As for those Mint routes, JetBlue is simply betting that the New York-area-California market will see some return of premium leisure demand, for lie-flat seats that would otherwise lie fallow in an industry still devoid of any high-yield business traffic. It might also be trying to take advantage of United’s relatively conservative approach to reviving its schedules. All told, JetBlue will be operating more than half of its normal summer schedule, which includes its newly announced routes, plus the reopening of some closed cities and revival of some seasonal flying.
For JetBlue to be a healthy airline again though, five key markets must return to some semblance of normal: the Florida market, the Caribbean market, the Boston business market, and the transcon market. Next year, it still aims to enter the transatlantic market, targeting London.
And Wizz Bets on Eastern Europe
- Wizz Air continues to announce new routes and bases. In Romania, a critical market, it’s opening yet another base (its seventh in the country) at the airport serving Bacau. Two A320s will be stationed there in late October, at which point travel restrictions within greater Europe will hopefully be a thing of the past. Of the 12 new Bacau routes it will launch, seven are to airports in Italy.
That aside, Wizz will undertake what’s it calling a “massive” expansion from Serbia’s capital Belgrade. Rather than basing two A320s there, it will switch to three A321s. Not waiting until the fall, the expansion will take place next month, featuring nine new routes, three of them in Germany. The LCC is reopening old bases all the while, including one in the Ukrainian capital Kyiv last week.
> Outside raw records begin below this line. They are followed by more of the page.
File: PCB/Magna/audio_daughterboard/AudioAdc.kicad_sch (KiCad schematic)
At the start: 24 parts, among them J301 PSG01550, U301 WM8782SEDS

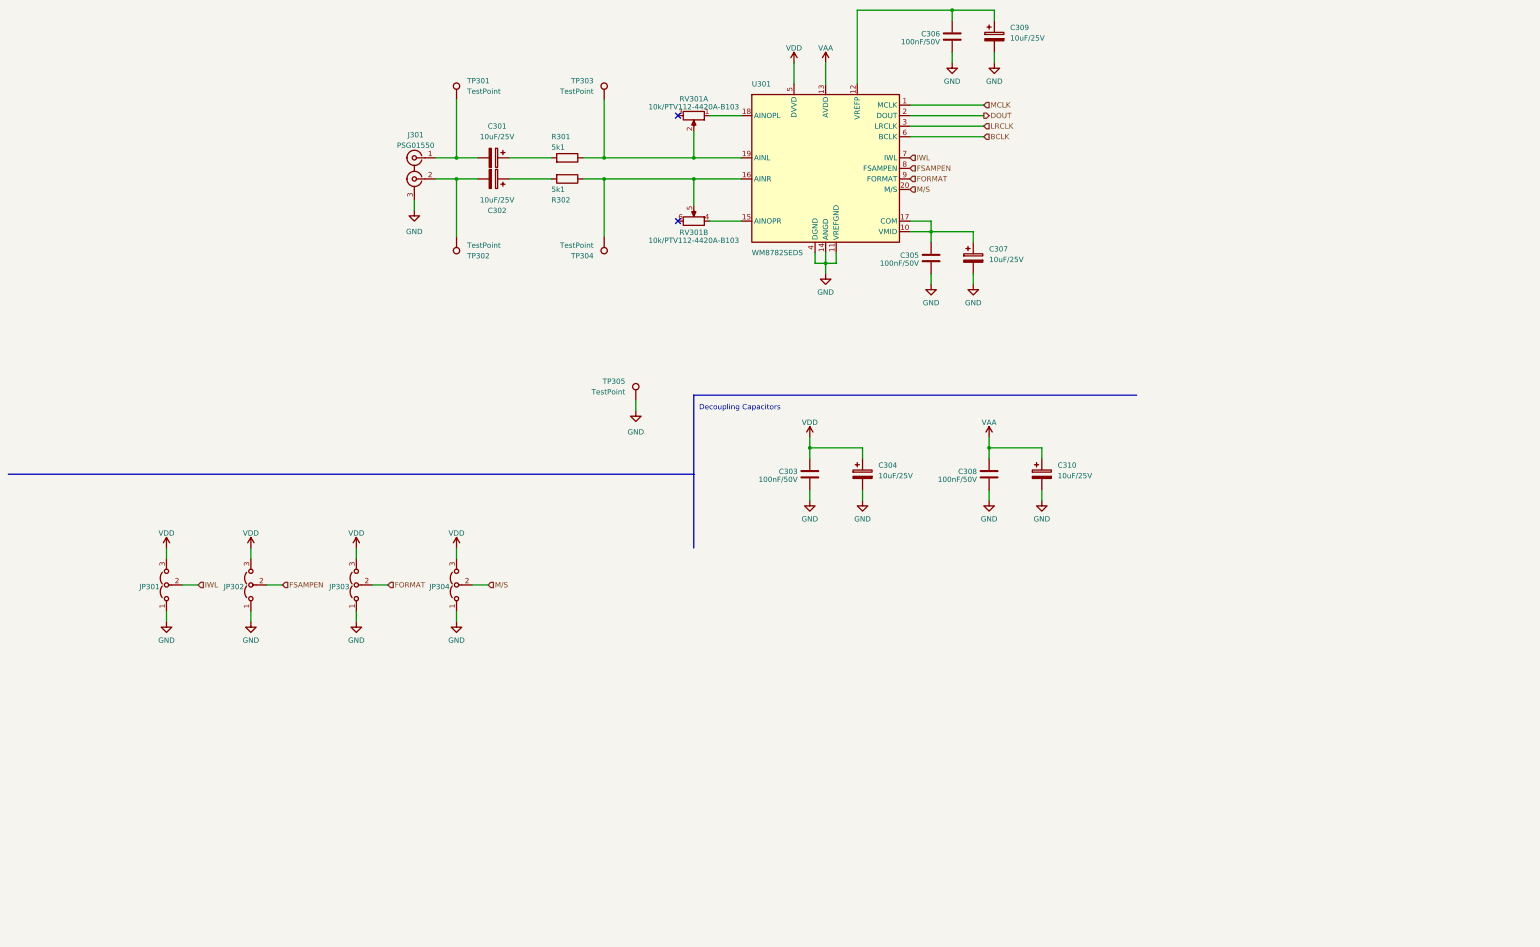
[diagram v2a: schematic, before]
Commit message: Start of redesign of Audio board
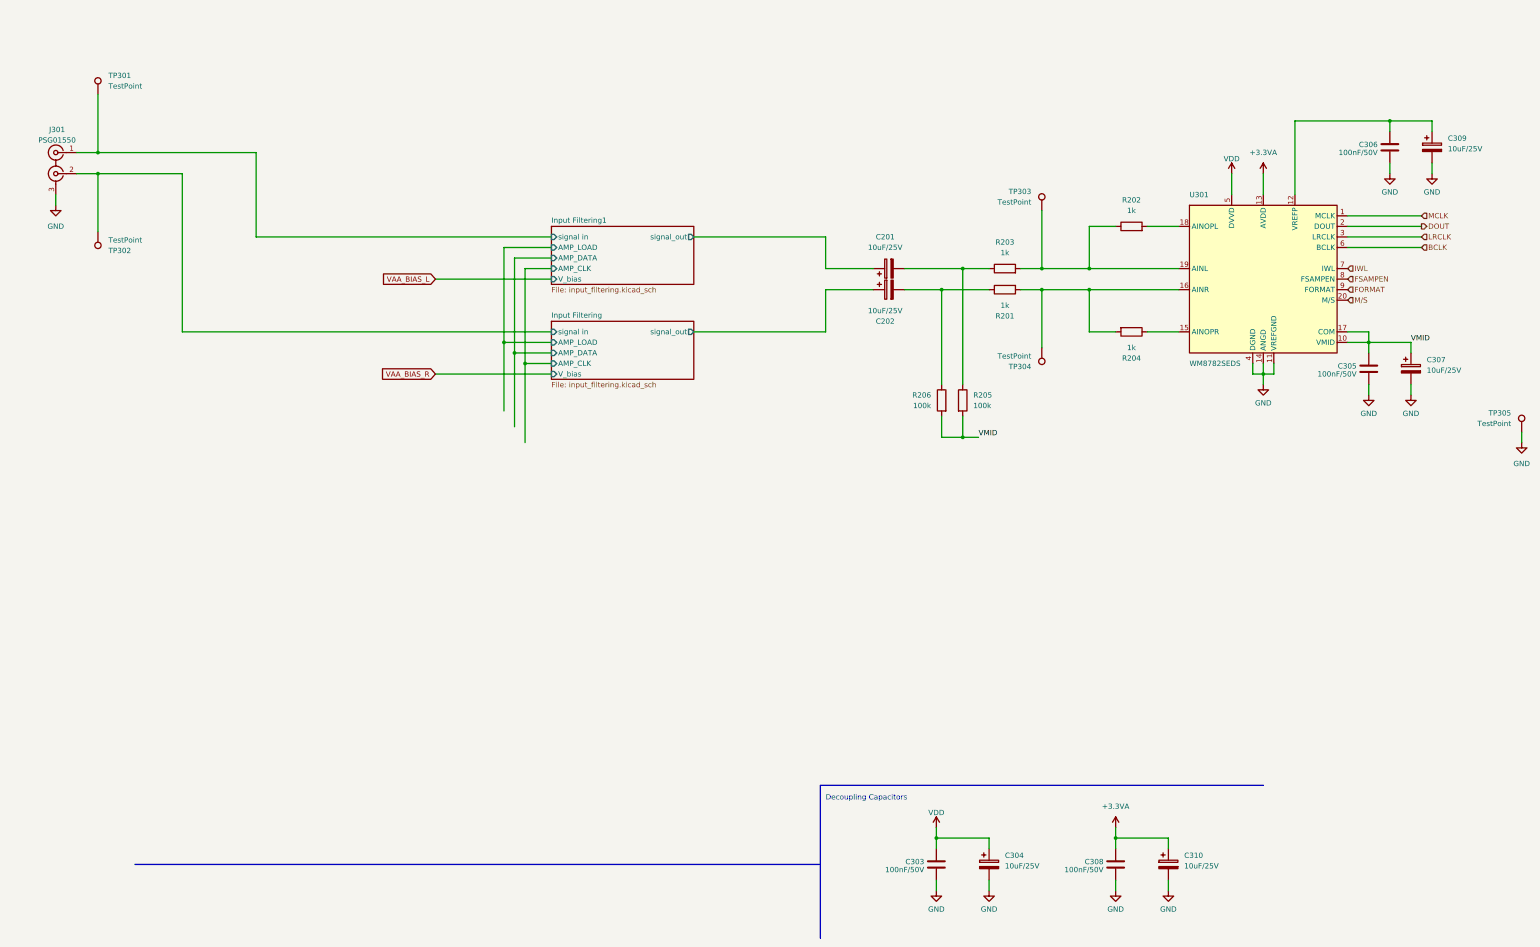
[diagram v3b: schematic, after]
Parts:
- removed C301, C302: 10uF/25V, Capacitor_SMD:CP_Elec_4x5.8, symbol Device:C_Polarized
- removed JP301, JP302, JP303, JP304: SolderJumper_3_Bridged12, Jumper:SolderJumper-3_P2.0mm_Open_TrianglePad1.0x1.5mm_NumberLabels, symbol Jumper:Jumper_3_Open
- removed R301, R302: 5k1, Resistor_SMD:R_0805_2012Metric_Pad1.20x1.40mm_HandSolder, symbol Device:R
- removed RV301: 10k/PTV112-4420A-B103, Skrooter_footprints:Potentiometer_Bourns_PTV09A-1_Dual_Vertical, symbol Device:R_Potentiometer_Dual_Separate
- added C201, C202: 10uF/25V, Capacitor_SMD:CP_Elec_4x5.8, symbol Device:C_Polarized
- added R201, R202, R203, R204: 1k, symbol Device:R
- added R205, R206: 100k, symbol Device:R
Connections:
- net at TP304.1, U301.16 (AINR): now also R201.2, R204.2
- net Input Filtering/signal in: now reaches J301.2 (IN2), TP302.1
- net at TP303.1, U301.19 (AINL): now also R202.1, R203.2
- net Input Filtering1/signal in: now reaches J301.1 (IN1), TP301.1
- net VMID: now reaches C305.1, C307.1, U301.10 (VMID), U301.17 (COM)
- net VMID: now also R205.2, R206.2
- net at U301.15 (AINOPR): now also R204.1
- net at U301.18 (AINOPL): now also R202.2
- net VAA renamed +3.3VA
- new net: C201.2, R203.1, R205.1
- new net: C202.2, R201.1, R206.1
- new net Input Filtering/signal_out: C202.1
- new net Input Filtering1/signal_out: C201.1
- no-connect marks 2 -> 0
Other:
- added sheet Input Filtering (input_filtering.kicad_sch)
- added sheet Input Filtering1 (input_filtering.kicad_sch)
- moved on the sheet: C303, C304, C305, C306, C307, C308, C309, C310, J301, TP301, TP302, TP303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

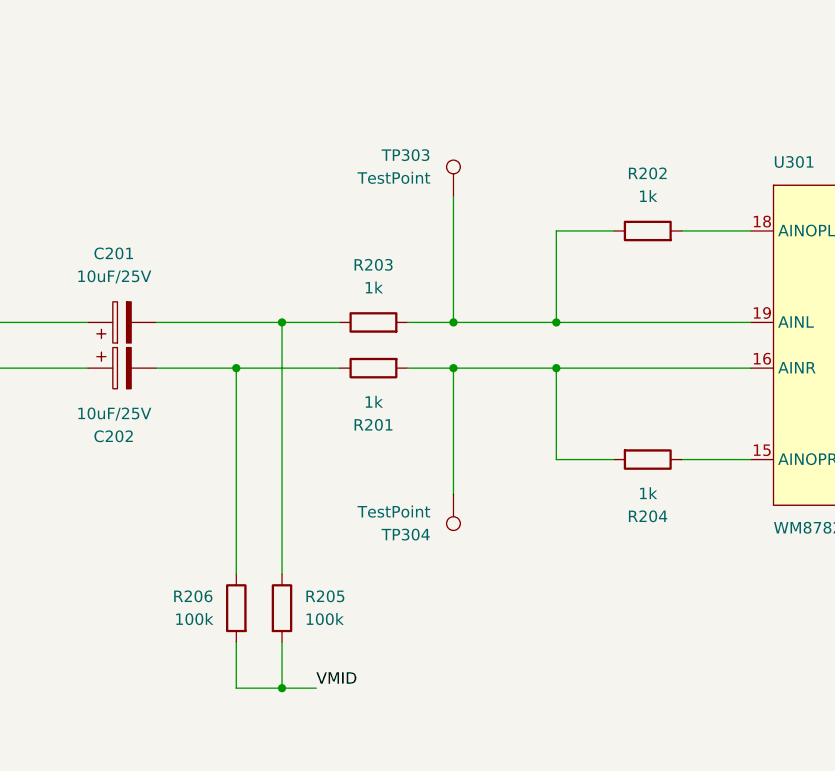
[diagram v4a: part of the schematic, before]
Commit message: Finish simulations and design of input filtering
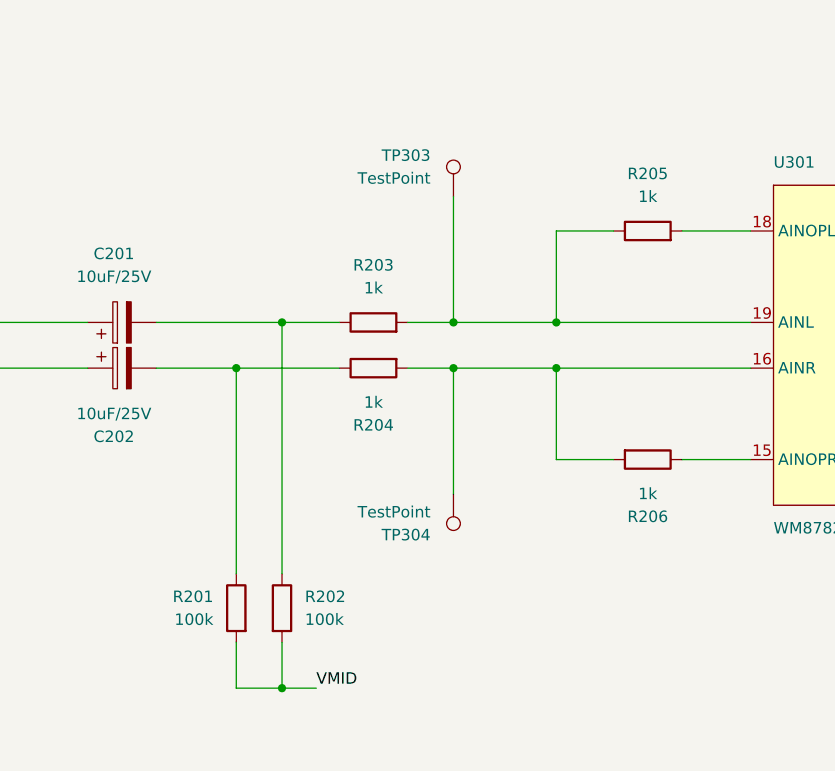
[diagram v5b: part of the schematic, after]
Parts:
- renumbered R206 to R201, R205 to R202, R201 to R204, R202 to R205, R204 to R206

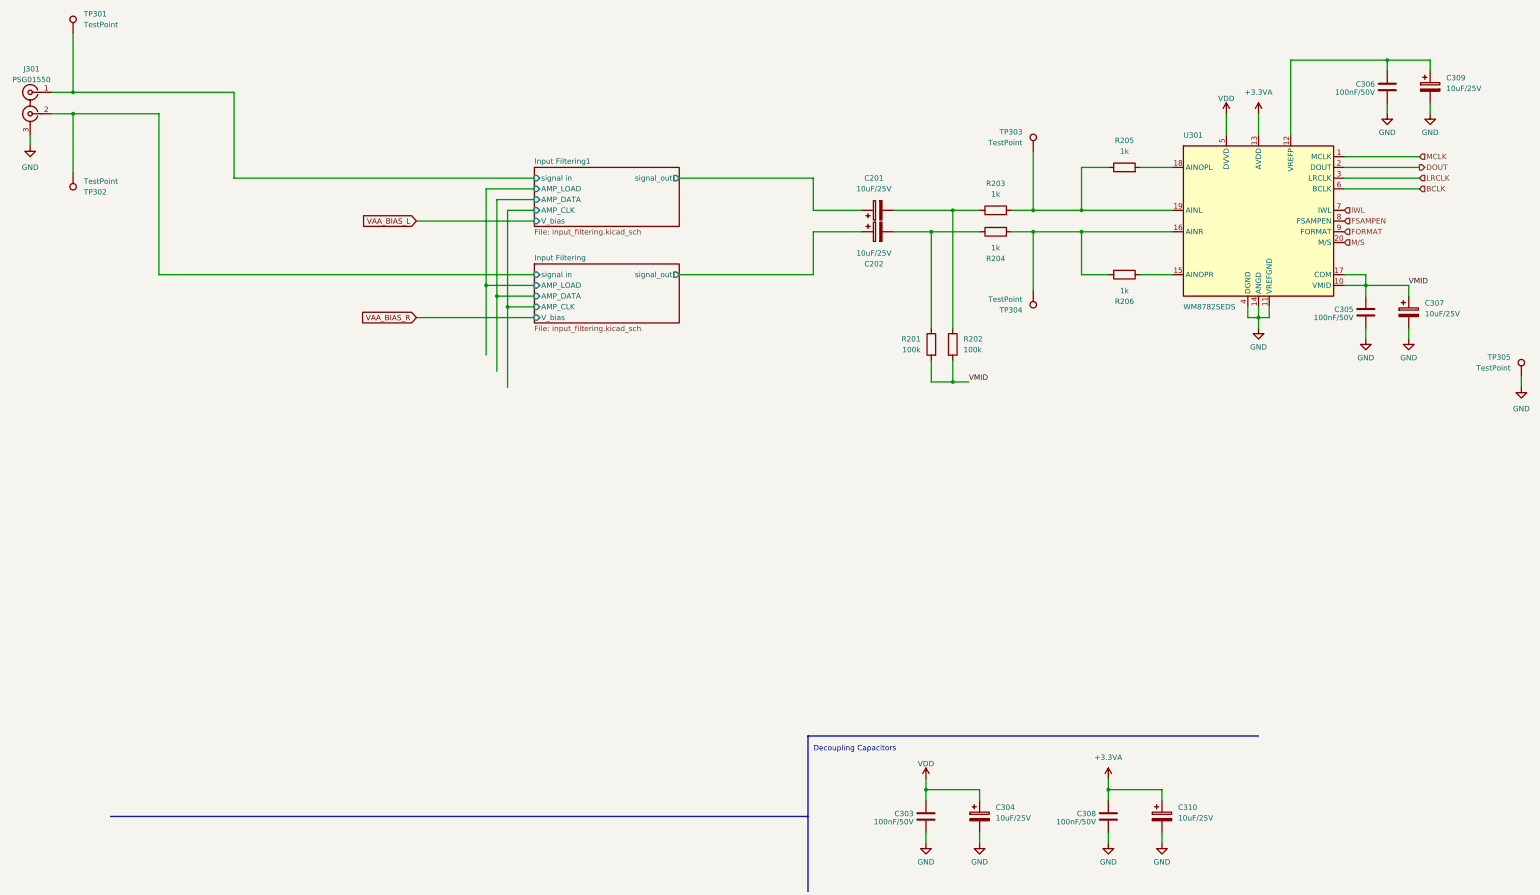
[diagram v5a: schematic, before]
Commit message: Change ADC and add MCU for IO control
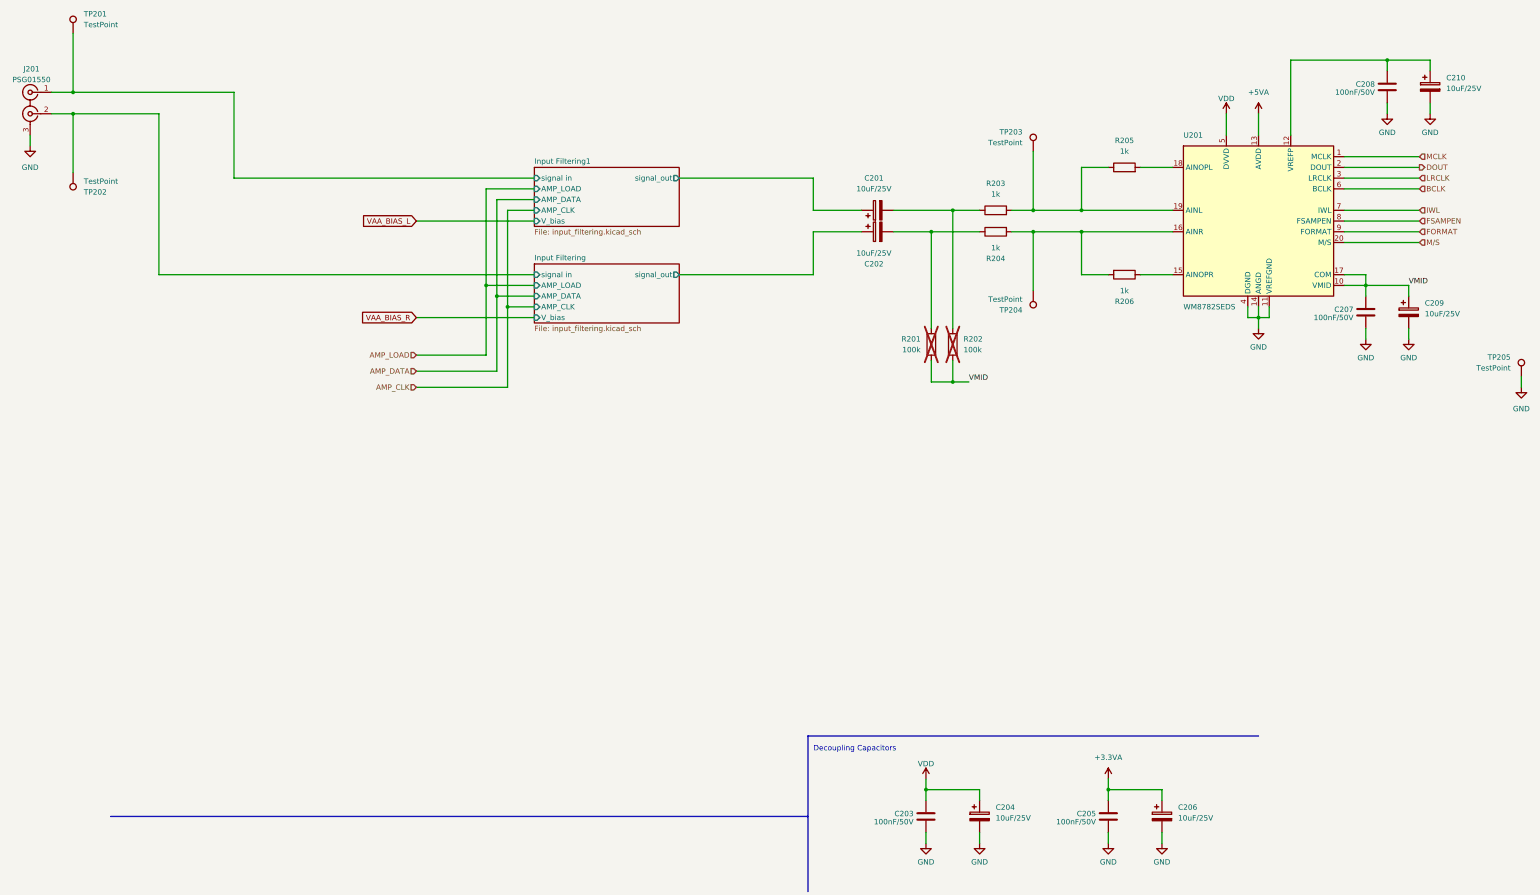
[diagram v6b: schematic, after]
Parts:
- R201, R202: now not fitted; now left out of the parts list
- renumbered C303 to C203, C304 to C204, C308 to C205, C310 to C206, C305 to C207, C306 to C208, C307 to C209, C309 to C210, J301 to J201, TP301 to TP201, TP302 to TP202, TP303 to TP203, TP304 to TP204, TP305 to TP205, U301 to U201
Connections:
- net +3.3VA: no longer U201.13 (AVDD)
- new net +5VA: U201.13 (AVDD)

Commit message: Update schematics to Kicad 9
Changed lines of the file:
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@@
 					(size 1.27 1.27)
 				)
+				(hide yes)
 			)
 		)
@@
 					(size 1.27 1.27)
 				)
+				(hide yes)
 			)
 		)
@@
 					(size 1.27 1.27)
 				)
+				(hide yes)
 			)
 		)
@@
 					(size 1.27 1.27)
 				)
+				(hide yes)
 			)
 		)
@@
 					(size 1.27 1.27)
 				)
+				(hide yes)
 			)
 		)
@@
 					(size 1.27 1.27)
 				)
+				(hide yes)
 			)
 		)
@@
 					(size 1.27 1.27)
 				)
+				(hide yes)
 			)
 		)
@@
 					(size 1.27 1.27)
 				)
+				(hide yes)
 			)
 		)
@@
 					(size 1.27 1.27)
 				)
+				(hide yes)
 			)
 		)
@@
 					(size 1.27 1.27)
 				)
+				(hide yes)
 			)
 		)
@@
 					(size 1.27 1.27)
 				)
+				(hide yes)
 			)
 		)
@@
 					(size 1.27 1.27)
 				)
+				(hide yes)
 			)
 		)
@@
 					(size 1.27 1.27)
 				)
+				(hide yes)
 			)
 		)
@@
 					(size 1.27 1.27)
 				)
+				(hide yes)
 			)
 		)
@@
 					(size 1.27 1.27)
 				)
+				(hide yes)
 			)
 		)
@@
 					(size 1.27 1.27)
 				)
+				(hide yes)
 			)
 		)
@@
 					(size 1.27 1.27)
 				)
+				(hide yes)
 			)
 		)
@@
 					(size 1.27 1.27)
 				)
+				(hide yes)
 			)
 		)
@@
 					(size 1.27 1.27)
 				)
+				(hide yes)
 			)
 		)
@@
 					(size 1.27 1.27)
 				)
+				(hide yes)
 			)
 		)
@@
 					(size 1.27 1.27)
 				)
+				(hide yes)
 			)
 		)
@@
 					(size 1.27 1.27)
 				)
+				(hide yes)
 			)
 		)
@@
 					(size 1.27 1.27)
 				)
+				(hide yes)
 			)
 		)
@@
 					(size 1.27 1.27)
 				)
+				(hide yes)
 			)
 		)
@@
 					(size 1.27 1.27)
 				)
+				(hide yes)
 			)
 		)
@@
 					(size 1.27 1.27)
 				)
+				(hide yes)
 			)
 		)
@@
 					(size 1.27 1.27)
 				)
+				(hide yes)
 			)
 		)
@@
 					(size 1.27 1.27)
 				)
+				(hide yes)
 			)
 		)
@@
 					(size 1.27 1.27)
 				)
+				(hide yes)
 			)
 		)
@@
 					(size 1.27 1.27)
 				)
+				(hide yes)
 			)
 		)
@@
 					(size 1.27 1.27)
 				)
+				(hide yes)
 			)
 		)
@@
 					(size 1.27 1.27)
 				)
+				(hide yes)
 			)
 		)
@@
 					(size 1.27 1.27)
 				)
-			)
-		)
+				(hide yes)
+			)
+		)

- Perhaps most interestingly (apologies for burying the lede!), Wizz will open its first Russian base in September. A single A320 will be based in St. Petersburg, where Russia’s government was pushing an open skies policy pre-crisis. From Peter the Great’s old capital, Wizz will fly to Salzburg (Austria), Oslo (Norway), Copenhagen (Denmark), Stockholm Skavsta (Sweden), and Malta. It first began flying to St. Petersburg from other bases in 2017, about four years after debuting flights to Moscow’s Vnukovo airport. Last year, it began Budapest flights to Kazan as well. Major industry shocks have a way of changing trends, and Russia’s traditional hostility to open skies and foreign low-cost competition could potentially melt away in the post-Covid era.
- China and the U.S. stepped back from the brink and started allowing commercial flights between the two countries. Remember, the U.S. had moved to ban flights from China after China’s civil aviation regulator effectively blocked Delta and United from resuming service. Now, the U.S. Transportation Department said its counterpart in China has made progress on the issue, and Chinese carriers will be allowed to return.
Flights remain limited, however. Chinese carriers will be allowed to operate four weekly roundtrips. Both sides said they will allow more service on a reciprocal basis. A deeper longer-term question though, is whether U.S.-China air service demand will ever become what it once was, given the growing hostility and changing economic relationship between the two countries. Boeing is a good example: It hasn’t sold any planes to China in a long time.